[Items from a dataset]
=== Section Start ===
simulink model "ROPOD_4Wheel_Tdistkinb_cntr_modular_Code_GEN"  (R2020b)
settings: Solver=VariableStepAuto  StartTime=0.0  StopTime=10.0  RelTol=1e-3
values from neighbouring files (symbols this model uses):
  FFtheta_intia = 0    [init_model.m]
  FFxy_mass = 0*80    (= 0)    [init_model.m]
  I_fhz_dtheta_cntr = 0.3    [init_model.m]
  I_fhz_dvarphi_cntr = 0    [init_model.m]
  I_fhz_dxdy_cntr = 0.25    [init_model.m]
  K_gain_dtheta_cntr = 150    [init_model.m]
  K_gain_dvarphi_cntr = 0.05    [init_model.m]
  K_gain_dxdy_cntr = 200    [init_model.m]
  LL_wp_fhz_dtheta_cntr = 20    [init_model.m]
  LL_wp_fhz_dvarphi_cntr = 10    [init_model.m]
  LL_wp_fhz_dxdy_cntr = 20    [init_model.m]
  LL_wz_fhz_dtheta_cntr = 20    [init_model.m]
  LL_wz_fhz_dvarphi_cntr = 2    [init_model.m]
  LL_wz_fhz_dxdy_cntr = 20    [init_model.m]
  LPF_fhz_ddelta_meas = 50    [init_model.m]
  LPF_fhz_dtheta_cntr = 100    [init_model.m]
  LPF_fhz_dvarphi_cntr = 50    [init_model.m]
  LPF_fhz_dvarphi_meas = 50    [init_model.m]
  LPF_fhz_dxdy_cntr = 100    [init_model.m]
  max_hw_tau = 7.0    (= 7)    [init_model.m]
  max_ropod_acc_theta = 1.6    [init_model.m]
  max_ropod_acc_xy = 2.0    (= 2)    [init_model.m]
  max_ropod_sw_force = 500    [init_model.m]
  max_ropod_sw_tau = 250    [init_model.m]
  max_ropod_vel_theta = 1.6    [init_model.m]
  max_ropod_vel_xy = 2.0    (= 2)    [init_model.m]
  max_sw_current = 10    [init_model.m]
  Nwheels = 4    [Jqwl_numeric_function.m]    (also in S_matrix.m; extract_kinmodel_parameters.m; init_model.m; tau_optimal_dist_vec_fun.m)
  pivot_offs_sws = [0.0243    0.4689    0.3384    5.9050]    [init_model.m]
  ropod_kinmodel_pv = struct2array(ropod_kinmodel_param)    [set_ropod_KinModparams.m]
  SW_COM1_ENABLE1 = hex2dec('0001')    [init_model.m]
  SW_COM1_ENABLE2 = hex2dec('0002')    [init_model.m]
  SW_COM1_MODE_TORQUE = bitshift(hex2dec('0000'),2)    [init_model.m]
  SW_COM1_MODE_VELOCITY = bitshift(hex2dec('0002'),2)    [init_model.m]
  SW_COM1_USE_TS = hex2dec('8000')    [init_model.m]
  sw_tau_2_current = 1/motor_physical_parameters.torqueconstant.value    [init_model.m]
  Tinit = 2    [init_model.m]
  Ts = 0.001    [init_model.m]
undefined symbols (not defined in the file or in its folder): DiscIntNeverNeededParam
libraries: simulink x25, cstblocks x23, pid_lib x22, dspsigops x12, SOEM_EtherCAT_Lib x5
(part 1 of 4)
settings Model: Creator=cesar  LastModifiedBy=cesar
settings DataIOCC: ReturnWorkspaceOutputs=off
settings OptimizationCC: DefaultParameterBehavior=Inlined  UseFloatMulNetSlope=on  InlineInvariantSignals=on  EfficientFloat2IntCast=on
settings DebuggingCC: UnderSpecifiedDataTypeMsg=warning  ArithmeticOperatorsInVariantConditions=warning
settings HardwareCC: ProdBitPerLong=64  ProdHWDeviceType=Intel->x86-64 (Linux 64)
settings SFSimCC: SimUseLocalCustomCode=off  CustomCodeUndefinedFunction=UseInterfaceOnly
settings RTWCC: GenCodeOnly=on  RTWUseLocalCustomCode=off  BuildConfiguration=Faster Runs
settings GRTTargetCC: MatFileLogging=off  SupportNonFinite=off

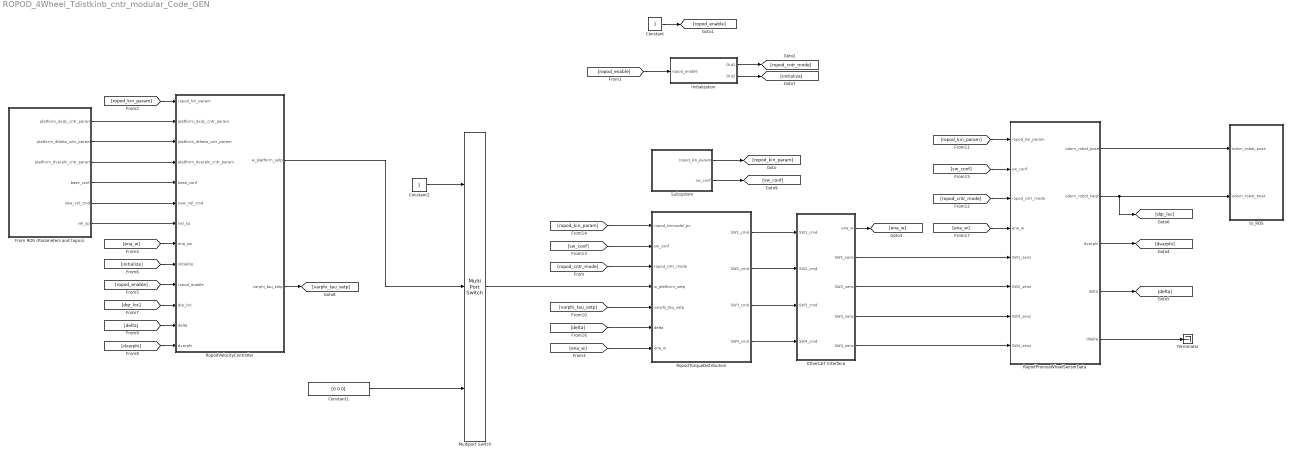
== system ROPOD_4Wheel_Tdistkinb_cntr_modular_Code_GEN ==
  Constant : Constant
  Constant1 : Constant  Value=[0 0 0]
  Constant2 : Constant
  EtherCAT Interface : Subsystem
  From ROS (Parameters and topics) : Subsystem
  Initialization : Subsystem
  Multiport Switch : MultiPortSwitch  Inputs=2
  RopodProcessWheelSensorData : Subsystem
  RopodTorqueDistribution : Subsystem
  RopodVelocityController : Subsystem
  Subsystem : Subsystem
  Terminator : Terminator
  to_ROS : Subsystem
  wires:
  RopodProcessWheelSensorData/1(odom_robot_pose) -> to_ROS/1(odom_robot_pose)
  RopodProcessWheelSensorData/2(odom_robot_twist) -> [dqr_loc], to_ROS/2(odom_robot_twist)
  RopodTorqueDistribution/4(SW4_cmd) -> EtherCAT Interface/4(SW4_cmd)
  RopodTorqueDistribution/3(SW3_cmd) -> EtherCAT Interface/3(SW3_cmd)
  RopodTorqueDistribution/2(SW2_cmd) -> EtherCAT Interface/2(SW2_cmd)
  RopodTorqueDistribution/1(SW1_cmd) -> EtherCAT Interface/1(SW1_cmd)
  From ROS (Parameters and topics)/1(platform_dxdy_cntr_param) -> RopodVelocityController/2(platform_dxdy_cntr_param)
  From ROS (Parameters and topics)/2(platform_dtheta_cntr_param) -> RopodVelocityController/3(platform_dtheta_cntr_param)
  From ROS (Parameters and topics)/3(platform_dvarphi_cntr_param) -> RopodVelocityController/4(platform_dvarphi_cntr_param)
  From ROS (Parameters and topics)/4(base_conf) -> RopodVelocityController/5(base_conf)
  From ROS (Parameters and topics)/5(new_vel_cmd) -> RopodVelocityController/6(new_vel_cmd)
  From ROS (Parameters and topics)/6(vel_sp) -> RopodVelocityController/7(vel_sp)
  [ropod_cntr_mode] -> RopodTorqueDistribution/3(ropod_cntr_mode)
  [ropod_enable] -> Initialization/1(ropod_enable)
  Initialization/1(Out1) -> [ropod_cntr_mode]
  Initialization/2(Out2) -> [initialize]
  Constant/1 -> [ropod_enable]
  [ropod_kin_param] -> RopodVelocityController/1(ropod_kin_param)
  [ena_w] -> RopodTorqueDistribution/7(ena_w)
  [ena_w] -> RopodVelocityController/8(ena_sw)
  [ropod_enable] -> RopodVelocityController/10(ropod_enable)
  [initialize] -> RopodVelocityController/9(initialize)
  RopodProcessWheelSensorData/3(dvarphi) -> [dvarphi]
  RopodProcessWheelSensorData/4(delta) -> [delta]
  RopodProcessWheelSensorData/5(ddelta) -> Terminator/1
  [dqr_loc] -> RopodVelocityController/11(dqr_loc)
  [dvarphi] -> RopodVelocityController/13(dvarphi)
  [delta] -> RopodVelocityController/12(delta)
  RopodVelocityController/2(varphi_tau_setp) -> [varphi_tau_setp]
  [varphi_tau_setp] -> RopodTorqueDistribution/5(varphi_tau_setp)
  Constant2/1 -> Multiport Switch/1
  Constant1/1 -> Multiport Switch/3
  RopodVelocityController/1(w_platform_setp) -> Multiport Switch/2
  [ropod_kin_param] -> RopodProcessWheelSensorData/1(ropod_kin_param)
  [ropod_cntr_mode] -> RopodProcessWheelSensorData/3(ropod_cntr_mode)
  Subsystem/1(ropod_kin_param) -> [ropod_kin_param]
  Subsystem/2(sw_conf) -> [sw_conf]
  [sw_conf] -> RopodTorqueDistribution/2(sw_conf)
  [ropod_kin_param] -> RopodTorqueDistribution/1(ropod_kinmodel_pv)
  [sw_conf] -> RopodProcessWheelSensorData/2(sw_conf)
  EtherCAT Interface/1(ena_w) -> [ena_w]
  EtherCAT Interface/2(SW1_sens) -> RopodProcessWheelSensorData/5(SW1_sens)
  EtherCAT Interface/3(SW2_sens) -> RopodProcessWheelSensorData/6(SW2_sens)
  EtherCAT Interface/4(SW3_sens) -> RopodProcessWheelSensorData/7(SW3_sens)
  EtherCAT Interface/5(SW4_sens) -> RopodProcessWheelSensorData/8(SW4_sens)
  [delta] -> RopodTorqueDistribution/6(delta)
  Multiport Switch/1 -> RopodTorqueDistribution/4(w_platform_setp)
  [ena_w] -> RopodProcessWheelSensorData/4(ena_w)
=== Section End ===
Repeat, exactly as they stand above, the lines from the line with "K_gain_dvarphi_cntr = 0.05" to the line with "LL_wz_fhz_dtheta_cntr = 20", both lines included.

  K_gain_dvarphi_cntr = 0.05    [init_model.m]
  K_gain_dxdy_cntr = 200    [init_model.m]
  LL_wp_fhz_dtheta_cntr = 20    [init_model.m]
  LL_wp_fhz_dvarphi_cntr = 10    [init_model.m]
  LL_wp_fhz_dxdy_cntr = 20    [init_model.m]
  LL_wz_fhz_dtheta_cntr = 20    [init_model.m]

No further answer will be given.